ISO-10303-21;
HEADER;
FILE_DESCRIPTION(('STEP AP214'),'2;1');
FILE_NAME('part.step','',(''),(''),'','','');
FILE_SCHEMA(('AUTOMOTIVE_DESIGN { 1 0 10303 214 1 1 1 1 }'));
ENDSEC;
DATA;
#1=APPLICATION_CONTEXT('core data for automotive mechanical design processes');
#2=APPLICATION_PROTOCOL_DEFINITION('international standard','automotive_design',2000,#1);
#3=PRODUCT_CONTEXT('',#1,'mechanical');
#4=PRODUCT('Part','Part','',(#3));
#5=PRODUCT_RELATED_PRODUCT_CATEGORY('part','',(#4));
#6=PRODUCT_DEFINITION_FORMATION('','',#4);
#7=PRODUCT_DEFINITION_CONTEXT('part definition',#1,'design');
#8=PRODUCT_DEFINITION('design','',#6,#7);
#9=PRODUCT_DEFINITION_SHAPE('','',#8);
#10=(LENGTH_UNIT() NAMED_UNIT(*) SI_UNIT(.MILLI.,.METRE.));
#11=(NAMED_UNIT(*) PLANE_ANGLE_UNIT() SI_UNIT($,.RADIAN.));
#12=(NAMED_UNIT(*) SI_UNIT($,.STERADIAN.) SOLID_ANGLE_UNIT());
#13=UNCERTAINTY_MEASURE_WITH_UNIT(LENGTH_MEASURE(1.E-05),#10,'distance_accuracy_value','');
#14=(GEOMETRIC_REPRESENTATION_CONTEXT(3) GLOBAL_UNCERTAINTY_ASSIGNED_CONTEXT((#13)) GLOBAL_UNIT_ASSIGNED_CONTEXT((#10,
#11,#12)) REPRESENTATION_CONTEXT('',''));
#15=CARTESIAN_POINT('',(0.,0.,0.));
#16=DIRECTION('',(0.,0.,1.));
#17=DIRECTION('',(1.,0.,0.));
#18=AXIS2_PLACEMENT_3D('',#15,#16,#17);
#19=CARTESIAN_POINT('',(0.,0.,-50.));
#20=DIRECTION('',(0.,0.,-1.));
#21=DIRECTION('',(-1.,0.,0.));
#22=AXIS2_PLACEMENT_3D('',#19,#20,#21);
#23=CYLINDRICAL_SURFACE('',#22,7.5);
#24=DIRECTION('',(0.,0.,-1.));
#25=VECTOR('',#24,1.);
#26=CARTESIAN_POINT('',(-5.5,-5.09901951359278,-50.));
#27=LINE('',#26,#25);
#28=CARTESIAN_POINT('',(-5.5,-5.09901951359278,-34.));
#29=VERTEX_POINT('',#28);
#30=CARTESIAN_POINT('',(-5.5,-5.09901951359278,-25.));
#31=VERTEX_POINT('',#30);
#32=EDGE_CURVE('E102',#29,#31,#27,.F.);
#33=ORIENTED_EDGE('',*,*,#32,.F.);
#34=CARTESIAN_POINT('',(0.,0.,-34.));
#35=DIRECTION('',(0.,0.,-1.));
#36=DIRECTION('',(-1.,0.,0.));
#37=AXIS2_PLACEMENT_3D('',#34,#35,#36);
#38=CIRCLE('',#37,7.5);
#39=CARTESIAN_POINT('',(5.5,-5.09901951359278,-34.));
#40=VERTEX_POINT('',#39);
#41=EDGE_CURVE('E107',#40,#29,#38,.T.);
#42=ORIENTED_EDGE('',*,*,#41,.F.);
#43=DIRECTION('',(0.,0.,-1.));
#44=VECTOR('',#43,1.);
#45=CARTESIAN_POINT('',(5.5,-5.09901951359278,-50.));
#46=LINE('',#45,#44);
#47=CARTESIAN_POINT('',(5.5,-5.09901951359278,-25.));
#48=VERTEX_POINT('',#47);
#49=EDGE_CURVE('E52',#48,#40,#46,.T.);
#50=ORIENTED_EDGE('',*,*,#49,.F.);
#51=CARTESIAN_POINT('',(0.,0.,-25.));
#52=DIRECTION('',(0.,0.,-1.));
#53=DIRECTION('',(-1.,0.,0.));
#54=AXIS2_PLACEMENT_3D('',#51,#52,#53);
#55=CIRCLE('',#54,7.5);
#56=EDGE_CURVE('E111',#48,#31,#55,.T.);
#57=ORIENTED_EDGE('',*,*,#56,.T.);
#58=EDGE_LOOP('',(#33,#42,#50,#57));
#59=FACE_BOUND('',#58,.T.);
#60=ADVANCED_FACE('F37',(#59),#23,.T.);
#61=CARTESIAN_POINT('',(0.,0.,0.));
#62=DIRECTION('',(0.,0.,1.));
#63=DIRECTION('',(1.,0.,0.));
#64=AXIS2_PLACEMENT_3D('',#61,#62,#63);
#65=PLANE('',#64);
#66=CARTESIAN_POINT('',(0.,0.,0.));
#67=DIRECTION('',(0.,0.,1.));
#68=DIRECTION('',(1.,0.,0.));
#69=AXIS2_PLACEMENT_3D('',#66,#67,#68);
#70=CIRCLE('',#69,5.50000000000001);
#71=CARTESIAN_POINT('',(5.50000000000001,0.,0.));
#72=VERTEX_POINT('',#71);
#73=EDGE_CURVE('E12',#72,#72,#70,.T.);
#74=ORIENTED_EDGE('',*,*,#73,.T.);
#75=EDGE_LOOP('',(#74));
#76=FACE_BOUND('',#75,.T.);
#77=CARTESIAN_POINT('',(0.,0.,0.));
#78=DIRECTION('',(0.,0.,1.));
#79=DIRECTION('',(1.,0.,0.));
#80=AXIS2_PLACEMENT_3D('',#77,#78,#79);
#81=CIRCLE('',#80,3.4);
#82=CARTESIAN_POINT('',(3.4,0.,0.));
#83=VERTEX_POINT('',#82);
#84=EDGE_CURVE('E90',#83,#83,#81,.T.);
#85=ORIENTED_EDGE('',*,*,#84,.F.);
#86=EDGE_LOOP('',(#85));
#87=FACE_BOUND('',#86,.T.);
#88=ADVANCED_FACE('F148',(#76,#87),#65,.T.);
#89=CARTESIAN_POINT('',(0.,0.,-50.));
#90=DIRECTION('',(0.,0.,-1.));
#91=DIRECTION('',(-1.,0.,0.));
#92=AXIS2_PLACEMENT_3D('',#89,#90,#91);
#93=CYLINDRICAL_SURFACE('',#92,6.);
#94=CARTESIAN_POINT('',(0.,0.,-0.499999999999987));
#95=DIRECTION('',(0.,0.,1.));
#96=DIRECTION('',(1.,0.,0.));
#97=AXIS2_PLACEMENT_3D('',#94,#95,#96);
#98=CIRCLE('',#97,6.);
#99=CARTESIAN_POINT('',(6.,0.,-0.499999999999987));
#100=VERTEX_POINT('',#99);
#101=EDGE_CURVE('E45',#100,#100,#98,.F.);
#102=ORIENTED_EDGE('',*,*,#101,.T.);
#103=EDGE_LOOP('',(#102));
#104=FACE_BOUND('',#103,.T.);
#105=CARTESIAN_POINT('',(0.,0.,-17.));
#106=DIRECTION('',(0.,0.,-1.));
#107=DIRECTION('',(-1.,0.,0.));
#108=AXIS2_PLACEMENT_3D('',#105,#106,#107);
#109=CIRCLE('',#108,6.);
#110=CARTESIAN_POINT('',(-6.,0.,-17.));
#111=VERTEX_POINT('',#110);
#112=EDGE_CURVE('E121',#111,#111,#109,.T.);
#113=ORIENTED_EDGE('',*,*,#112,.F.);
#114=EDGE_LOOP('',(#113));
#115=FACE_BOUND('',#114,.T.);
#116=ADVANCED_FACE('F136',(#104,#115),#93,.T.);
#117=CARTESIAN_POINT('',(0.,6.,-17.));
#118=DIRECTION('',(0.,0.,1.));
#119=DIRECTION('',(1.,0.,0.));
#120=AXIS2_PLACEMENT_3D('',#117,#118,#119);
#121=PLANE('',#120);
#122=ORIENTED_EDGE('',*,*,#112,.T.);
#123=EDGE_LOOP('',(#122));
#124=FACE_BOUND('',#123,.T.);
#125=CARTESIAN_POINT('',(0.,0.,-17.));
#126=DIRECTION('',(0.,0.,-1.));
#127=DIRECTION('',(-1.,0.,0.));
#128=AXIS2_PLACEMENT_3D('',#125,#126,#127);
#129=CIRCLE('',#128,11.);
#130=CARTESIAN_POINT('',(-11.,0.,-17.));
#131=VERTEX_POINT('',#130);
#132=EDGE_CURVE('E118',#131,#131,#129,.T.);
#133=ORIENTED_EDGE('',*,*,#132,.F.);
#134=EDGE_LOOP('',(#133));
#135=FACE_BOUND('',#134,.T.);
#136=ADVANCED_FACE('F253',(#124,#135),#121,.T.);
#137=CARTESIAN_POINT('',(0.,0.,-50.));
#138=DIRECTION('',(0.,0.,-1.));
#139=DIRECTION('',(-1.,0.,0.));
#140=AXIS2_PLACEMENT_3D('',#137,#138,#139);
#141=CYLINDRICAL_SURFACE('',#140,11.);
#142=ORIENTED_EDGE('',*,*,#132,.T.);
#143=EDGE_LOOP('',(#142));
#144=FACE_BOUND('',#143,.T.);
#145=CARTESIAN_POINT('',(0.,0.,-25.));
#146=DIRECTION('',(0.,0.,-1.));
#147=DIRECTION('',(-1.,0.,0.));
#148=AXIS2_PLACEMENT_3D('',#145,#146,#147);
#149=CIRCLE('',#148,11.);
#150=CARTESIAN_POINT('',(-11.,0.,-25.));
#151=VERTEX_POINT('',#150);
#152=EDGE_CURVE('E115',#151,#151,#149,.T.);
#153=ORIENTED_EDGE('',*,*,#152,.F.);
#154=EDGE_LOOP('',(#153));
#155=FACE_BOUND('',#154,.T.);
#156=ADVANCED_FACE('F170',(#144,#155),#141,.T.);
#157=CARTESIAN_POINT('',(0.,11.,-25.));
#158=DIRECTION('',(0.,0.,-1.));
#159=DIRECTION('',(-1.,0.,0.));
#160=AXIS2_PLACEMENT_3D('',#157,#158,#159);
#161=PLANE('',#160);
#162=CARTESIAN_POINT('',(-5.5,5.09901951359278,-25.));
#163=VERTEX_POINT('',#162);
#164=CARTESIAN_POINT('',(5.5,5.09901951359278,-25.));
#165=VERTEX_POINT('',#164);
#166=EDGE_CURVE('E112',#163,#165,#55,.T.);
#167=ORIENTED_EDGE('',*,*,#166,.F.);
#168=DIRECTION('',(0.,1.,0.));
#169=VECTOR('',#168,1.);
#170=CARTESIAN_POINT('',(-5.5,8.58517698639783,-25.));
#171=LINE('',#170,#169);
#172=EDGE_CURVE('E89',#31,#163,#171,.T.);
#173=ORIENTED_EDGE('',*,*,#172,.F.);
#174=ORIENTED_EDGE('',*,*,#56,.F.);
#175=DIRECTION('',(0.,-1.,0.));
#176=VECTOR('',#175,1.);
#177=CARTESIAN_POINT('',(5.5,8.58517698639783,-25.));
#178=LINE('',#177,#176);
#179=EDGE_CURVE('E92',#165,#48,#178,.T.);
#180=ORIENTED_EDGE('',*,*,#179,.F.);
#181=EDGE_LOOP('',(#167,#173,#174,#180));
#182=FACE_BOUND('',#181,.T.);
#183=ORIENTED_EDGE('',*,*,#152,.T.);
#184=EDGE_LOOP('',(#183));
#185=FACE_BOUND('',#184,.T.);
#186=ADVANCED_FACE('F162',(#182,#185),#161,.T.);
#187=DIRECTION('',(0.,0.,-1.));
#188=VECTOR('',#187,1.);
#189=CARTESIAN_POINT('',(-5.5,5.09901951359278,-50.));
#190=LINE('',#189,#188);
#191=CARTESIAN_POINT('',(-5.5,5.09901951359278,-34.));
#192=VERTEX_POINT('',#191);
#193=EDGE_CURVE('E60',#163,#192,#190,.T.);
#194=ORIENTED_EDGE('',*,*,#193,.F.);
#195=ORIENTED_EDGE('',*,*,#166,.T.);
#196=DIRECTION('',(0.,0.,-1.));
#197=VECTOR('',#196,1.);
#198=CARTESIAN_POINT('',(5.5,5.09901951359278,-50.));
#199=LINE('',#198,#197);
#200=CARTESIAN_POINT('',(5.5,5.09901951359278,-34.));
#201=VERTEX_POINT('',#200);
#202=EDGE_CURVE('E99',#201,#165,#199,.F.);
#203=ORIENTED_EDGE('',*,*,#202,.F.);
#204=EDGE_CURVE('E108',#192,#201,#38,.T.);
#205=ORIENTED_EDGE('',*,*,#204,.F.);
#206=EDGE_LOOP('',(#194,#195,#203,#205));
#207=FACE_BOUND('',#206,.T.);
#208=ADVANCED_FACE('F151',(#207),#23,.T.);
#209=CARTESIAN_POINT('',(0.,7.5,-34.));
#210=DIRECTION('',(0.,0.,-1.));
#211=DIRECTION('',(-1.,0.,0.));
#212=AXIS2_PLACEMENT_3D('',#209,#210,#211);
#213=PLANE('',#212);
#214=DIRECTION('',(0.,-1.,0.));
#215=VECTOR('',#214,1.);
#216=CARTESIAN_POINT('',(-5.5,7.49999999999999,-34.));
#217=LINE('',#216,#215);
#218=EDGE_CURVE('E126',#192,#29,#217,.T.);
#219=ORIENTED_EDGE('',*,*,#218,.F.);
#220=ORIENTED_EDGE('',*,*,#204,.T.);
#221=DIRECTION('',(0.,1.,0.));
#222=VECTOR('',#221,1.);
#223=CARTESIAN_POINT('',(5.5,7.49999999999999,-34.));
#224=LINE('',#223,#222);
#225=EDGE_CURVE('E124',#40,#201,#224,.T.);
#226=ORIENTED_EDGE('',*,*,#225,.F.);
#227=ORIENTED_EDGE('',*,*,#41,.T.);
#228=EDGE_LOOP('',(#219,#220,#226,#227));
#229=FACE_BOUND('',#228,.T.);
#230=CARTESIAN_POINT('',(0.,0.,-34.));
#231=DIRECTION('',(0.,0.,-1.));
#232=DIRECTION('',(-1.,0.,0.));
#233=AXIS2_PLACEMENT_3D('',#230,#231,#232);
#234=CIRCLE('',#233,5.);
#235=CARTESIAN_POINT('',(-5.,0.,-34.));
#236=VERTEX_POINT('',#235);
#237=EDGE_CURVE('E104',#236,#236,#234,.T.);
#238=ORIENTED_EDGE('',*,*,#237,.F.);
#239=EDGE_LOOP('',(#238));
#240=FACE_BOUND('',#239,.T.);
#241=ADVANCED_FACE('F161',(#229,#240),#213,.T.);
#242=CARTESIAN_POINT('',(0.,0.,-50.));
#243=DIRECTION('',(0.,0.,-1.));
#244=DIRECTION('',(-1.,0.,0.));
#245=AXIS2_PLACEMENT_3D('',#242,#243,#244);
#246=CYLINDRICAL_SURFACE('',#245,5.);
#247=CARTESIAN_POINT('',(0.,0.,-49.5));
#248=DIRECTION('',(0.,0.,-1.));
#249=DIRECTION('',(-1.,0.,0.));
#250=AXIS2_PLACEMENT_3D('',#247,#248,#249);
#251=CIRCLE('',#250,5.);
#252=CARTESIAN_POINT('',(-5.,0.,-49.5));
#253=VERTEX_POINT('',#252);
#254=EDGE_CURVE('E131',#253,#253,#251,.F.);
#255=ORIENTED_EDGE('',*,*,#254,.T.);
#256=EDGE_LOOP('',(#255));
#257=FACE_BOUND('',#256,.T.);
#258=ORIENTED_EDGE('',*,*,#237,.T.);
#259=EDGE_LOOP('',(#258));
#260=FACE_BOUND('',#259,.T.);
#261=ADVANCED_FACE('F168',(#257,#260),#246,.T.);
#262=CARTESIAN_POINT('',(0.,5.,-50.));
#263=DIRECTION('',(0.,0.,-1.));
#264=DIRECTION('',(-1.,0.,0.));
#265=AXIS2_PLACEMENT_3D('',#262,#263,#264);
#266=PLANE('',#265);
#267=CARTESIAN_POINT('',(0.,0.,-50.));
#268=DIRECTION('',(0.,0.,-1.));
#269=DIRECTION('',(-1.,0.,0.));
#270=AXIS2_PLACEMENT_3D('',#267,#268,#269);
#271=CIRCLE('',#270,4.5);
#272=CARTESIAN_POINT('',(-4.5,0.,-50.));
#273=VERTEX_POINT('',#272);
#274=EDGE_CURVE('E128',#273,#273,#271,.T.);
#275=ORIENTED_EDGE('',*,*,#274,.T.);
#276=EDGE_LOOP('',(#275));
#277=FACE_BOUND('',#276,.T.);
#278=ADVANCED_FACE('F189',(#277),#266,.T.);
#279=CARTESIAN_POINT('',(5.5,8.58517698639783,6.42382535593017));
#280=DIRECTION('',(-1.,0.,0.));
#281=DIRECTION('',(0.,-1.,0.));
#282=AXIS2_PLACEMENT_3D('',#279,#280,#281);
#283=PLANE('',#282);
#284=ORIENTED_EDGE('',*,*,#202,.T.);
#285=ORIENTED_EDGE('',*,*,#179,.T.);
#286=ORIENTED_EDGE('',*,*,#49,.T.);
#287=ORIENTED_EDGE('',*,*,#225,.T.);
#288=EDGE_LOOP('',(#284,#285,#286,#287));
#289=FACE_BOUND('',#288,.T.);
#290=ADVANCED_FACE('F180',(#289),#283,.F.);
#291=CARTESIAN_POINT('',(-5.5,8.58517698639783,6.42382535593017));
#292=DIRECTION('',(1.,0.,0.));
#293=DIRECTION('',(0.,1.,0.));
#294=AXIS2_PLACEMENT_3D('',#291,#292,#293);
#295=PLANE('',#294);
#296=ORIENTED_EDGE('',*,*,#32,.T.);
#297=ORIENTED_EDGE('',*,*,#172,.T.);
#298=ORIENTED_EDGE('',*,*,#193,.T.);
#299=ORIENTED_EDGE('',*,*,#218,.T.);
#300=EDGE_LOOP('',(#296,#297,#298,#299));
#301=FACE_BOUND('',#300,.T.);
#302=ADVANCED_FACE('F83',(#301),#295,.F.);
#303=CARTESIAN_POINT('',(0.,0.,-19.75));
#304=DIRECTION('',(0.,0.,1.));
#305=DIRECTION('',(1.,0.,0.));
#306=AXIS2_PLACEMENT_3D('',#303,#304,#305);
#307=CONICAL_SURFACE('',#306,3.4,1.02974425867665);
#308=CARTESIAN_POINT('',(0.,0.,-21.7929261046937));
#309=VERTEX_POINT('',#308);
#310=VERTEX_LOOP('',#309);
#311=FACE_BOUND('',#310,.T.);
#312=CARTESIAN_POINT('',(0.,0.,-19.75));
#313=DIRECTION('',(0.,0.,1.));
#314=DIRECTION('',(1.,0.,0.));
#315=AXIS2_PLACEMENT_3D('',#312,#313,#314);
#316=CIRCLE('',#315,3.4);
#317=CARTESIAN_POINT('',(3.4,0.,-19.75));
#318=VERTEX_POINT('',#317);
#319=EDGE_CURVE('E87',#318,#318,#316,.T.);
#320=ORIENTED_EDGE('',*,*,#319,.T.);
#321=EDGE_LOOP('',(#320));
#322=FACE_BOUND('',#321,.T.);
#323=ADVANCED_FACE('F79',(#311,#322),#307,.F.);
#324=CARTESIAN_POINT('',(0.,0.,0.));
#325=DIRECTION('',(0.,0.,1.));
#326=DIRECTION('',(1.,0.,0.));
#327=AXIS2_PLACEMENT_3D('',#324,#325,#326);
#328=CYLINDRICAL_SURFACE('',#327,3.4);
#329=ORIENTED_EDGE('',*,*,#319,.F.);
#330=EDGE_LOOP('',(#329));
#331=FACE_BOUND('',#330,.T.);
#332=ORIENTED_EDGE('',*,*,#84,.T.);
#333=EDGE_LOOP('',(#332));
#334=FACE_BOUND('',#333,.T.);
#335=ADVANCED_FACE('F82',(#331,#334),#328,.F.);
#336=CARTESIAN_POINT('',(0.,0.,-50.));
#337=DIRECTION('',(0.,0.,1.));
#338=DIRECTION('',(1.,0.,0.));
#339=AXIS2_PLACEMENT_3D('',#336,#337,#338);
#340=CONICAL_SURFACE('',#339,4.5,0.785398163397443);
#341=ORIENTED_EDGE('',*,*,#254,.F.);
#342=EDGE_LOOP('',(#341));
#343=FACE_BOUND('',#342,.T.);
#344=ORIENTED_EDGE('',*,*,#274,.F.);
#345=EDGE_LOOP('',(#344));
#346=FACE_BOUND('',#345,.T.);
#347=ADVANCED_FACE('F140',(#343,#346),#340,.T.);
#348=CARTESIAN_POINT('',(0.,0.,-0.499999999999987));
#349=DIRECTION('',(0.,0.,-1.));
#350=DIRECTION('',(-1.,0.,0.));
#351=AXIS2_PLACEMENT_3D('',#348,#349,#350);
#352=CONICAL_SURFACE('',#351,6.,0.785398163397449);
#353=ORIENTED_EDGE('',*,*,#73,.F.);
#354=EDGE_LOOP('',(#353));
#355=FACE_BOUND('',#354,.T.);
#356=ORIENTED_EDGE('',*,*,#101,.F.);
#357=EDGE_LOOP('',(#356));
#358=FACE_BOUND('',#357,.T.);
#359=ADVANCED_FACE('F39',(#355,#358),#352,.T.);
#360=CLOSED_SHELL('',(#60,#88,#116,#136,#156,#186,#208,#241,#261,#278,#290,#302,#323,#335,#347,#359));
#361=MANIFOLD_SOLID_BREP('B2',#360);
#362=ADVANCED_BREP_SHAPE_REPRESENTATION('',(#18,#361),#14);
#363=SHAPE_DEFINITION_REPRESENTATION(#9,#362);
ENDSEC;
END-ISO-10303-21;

▶ _WORK INSTRUCTION_
Working from the material above, retype exactly the lines from the one with "#305=DIRECTION('',(1.,0.,0.));" through the one with "#318=VERTEX_POINT('',#317);", both included, and only those lines.

▶ _RESPONSE BOX_
#305=DIRECTION('',(1.,0.,0.));
#306=AXIS2_PLACEMENT_3D('',#303,#304,#305);
#307=CONICAL_SURFACE('',#306,3.4,1.02974425867665);
#308=CARTESIAN_POINT('',(0.,0.,-21.7929261046937));
#309=VERTEX_POINT('',#308);
#310=VERTEX_LOOP('',#309);
#311=FACE_BOUND('',#310,.T.);
#312=CARTESIAN_POINT('',(0.,0.,-19.75));
#313=DIRECTION('',(0.,0.,1.));
#314=DIRECTION('',(1.,0.,0.));
#315=AXIS2_PLACEMENT_3D('',#312,#313,#314);
#316=CIRCLE('',#315,3.4);
#317=CARTESIAN_POINT('',(3.4,0.,-19.75));
#318=VERTEX_POINT('',#317);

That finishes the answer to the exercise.